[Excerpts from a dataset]

%%

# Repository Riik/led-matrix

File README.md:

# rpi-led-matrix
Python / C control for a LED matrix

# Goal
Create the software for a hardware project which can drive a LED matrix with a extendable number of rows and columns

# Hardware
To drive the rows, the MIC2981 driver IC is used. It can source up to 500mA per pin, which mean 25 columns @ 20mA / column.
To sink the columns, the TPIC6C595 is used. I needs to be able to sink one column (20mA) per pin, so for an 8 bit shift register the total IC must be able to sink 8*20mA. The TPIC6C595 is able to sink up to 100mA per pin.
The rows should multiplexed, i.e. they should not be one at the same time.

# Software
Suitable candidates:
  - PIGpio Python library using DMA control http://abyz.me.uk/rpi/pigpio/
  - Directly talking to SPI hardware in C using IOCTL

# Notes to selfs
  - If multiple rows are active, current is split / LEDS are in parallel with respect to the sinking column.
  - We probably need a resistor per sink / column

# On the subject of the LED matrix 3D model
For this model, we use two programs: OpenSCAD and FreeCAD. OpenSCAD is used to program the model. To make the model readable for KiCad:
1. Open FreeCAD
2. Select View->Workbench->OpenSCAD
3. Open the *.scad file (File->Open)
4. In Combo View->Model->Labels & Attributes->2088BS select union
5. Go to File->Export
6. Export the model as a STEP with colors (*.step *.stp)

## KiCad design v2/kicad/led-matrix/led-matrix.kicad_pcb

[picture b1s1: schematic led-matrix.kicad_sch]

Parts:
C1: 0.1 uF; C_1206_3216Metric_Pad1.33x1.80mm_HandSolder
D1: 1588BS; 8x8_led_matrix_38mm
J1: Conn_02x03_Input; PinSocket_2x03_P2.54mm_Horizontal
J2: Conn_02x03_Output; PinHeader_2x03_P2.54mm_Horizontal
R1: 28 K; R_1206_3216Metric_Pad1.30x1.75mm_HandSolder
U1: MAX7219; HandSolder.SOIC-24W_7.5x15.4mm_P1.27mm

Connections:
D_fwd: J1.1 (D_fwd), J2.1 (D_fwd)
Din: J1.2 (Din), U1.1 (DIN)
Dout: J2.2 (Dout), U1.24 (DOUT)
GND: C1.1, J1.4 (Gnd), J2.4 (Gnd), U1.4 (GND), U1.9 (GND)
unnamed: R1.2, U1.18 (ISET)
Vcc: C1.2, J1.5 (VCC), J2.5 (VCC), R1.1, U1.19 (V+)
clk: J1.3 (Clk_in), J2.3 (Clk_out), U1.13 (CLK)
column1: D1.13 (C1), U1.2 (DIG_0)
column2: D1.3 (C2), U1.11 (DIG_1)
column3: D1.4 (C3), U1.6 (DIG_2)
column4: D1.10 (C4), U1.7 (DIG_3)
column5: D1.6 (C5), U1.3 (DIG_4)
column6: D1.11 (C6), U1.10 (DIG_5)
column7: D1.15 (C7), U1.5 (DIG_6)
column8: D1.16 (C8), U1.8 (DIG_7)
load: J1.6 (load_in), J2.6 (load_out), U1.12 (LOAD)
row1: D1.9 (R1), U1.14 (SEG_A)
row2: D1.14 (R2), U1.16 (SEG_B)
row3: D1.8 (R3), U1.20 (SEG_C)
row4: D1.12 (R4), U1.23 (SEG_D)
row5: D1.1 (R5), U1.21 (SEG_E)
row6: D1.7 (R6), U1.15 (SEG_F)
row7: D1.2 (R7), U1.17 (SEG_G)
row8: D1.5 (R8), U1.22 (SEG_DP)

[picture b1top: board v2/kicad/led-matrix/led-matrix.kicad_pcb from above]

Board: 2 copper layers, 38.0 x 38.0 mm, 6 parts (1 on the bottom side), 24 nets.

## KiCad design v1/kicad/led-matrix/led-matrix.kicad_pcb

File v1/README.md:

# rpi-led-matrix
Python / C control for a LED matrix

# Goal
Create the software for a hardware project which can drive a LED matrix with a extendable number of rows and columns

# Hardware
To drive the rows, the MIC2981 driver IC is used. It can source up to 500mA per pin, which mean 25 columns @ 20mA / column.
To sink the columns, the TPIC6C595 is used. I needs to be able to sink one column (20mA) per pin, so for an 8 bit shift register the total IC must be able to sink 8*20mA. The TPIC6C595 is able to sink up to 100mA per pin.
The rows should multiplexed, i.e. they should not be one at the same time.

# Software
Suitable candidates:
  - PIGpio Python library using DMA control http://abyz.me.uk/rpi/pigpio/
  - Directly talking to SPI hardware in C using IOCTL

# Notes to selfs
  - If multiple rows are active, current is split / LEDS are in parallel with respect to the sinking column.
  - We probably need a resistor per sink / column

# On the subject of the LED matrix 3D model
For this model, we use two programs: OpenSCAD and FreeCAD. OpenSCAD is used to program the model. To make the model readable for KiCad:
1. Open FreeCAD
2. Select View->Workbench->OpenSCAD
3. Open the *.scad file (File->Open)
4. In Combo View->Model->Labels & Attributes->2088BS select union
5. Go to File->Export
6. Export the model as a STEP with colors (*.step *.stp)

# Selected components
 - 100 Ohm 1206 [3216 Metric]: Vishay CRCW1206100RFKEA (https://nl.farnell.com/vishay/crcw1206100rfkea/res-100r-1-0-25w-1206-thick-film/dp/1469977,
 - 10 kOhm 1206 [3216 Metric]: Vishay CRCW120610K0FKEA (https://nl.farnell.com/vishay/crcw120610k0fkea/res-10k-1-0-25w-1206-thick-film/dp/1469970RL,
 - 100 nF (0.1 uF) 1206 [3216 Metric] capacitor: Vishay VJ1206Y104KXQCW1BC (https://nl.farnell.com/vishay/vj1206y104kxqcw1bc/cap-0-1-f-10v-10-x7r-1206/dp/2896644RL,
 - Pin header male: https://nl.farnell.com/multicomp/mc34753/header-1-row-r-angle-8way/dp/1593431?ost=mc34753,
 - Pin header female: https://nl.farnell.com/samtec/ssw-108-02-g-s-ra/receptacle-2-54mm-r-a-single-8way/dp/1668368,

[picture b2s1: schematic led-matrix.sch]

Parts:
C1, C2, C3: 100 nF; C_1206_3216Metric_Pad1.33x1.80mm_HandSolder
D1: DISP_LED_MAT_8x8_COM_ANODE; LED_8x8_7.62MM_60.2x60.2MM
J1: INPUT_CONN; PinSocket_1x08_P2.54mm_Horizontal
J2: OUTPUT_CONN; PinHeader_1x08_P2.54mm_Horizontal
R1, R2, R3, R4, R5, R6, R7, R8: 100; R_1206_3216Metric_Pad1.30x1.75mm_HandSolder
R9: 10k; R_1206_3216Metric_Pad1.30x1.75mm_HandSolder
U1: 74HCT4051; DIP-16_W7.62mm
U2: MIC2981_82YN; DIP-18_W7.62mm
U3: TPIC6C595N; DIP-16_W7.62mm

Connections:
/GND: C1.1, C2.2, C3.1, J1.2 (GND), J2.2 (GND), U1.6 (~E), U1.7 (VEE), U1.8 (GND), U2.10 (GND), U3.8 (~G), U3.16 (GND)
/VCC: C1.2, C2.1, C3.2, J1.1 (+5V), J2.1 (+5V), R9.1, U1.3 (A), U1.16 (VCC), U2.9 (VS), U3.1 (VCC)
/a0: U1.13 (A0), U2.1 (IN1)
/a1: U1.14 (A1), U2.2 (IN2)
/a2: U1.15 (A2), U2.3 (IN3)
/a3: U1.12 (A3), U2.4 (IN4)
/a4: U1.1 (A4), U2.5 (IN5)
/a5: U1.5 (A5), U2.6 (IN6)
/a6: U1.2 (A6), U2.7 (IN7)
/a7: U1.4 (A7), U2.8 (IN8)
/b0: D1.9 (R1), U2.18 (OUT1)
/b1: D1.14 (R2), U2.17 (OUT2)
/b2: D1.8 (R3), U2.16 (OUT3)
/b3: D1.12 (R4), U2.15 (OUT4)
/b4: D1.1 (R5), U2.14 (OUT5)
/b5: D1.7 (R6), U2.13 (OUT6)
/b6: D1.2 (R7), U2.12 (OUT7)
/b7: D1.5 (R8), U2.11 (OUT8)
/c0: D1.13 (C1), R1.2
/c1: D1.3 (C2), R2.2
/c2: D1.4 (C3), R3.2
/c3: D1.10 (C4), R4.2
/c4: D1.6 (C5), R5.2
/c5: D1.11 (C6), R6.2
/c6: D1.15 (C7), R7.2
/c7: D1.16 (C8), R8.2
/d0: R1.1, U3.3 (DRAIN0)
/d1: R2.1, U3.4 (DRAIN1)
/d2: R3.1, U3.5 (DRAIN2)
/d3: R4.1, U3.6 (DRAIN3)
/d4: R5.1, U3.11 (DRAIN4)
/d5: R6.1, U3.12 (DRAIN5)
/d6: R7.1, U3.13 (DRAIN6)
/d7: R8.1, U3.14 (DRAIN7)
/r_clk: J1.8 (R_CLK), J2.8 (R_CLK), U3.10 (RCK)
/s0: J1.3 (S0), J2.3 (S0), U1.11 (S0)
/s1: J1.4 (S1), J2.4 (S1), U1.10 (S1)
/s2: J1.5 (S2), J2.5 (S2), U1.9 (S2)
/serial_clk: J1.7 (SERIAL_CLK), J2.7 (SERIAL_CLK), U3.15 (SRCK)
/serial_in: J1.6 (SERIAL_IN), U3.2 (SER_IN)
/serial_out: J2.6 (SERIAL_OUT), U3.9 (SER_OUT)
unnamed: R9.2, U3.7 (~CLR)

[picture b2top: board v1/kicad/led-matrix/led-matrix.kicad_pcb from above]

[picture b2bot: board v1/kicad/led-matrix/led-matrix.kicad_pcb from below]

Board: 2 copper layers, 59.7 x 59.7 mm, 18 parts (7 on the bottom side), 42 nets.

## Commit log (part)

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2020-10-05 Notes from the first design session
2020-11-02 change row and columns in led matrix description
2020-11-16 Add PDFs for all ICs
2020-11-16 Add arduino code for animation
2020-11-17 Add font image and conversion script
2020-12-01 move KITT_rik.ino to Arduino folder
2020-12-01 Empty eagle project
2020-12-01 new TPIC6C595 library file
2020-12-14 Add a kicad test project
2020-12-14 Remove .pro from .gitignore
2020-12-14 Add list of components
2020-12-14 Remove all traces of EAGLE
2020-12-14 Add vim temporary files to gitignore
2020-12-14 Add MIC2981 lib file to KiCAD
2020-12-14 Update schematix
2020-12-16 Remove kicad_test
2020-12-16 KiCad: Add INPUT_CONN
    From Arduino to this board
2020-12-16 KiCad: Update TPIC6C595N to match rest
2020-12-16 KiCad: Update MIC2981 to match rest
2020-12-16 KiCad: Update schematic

%%

* **What you need to do**
Only the lines with the string "design" are wanted; pick them out of the records above and copy them.

* **Response to the task**
## KiCad design v2/kicad/led-matrix/led-matrix.kicad_pcb
## KiCad design v1/kicad/led-matrix/led-matrix.kicad_pcb
2020-10-05 Notes from the first design session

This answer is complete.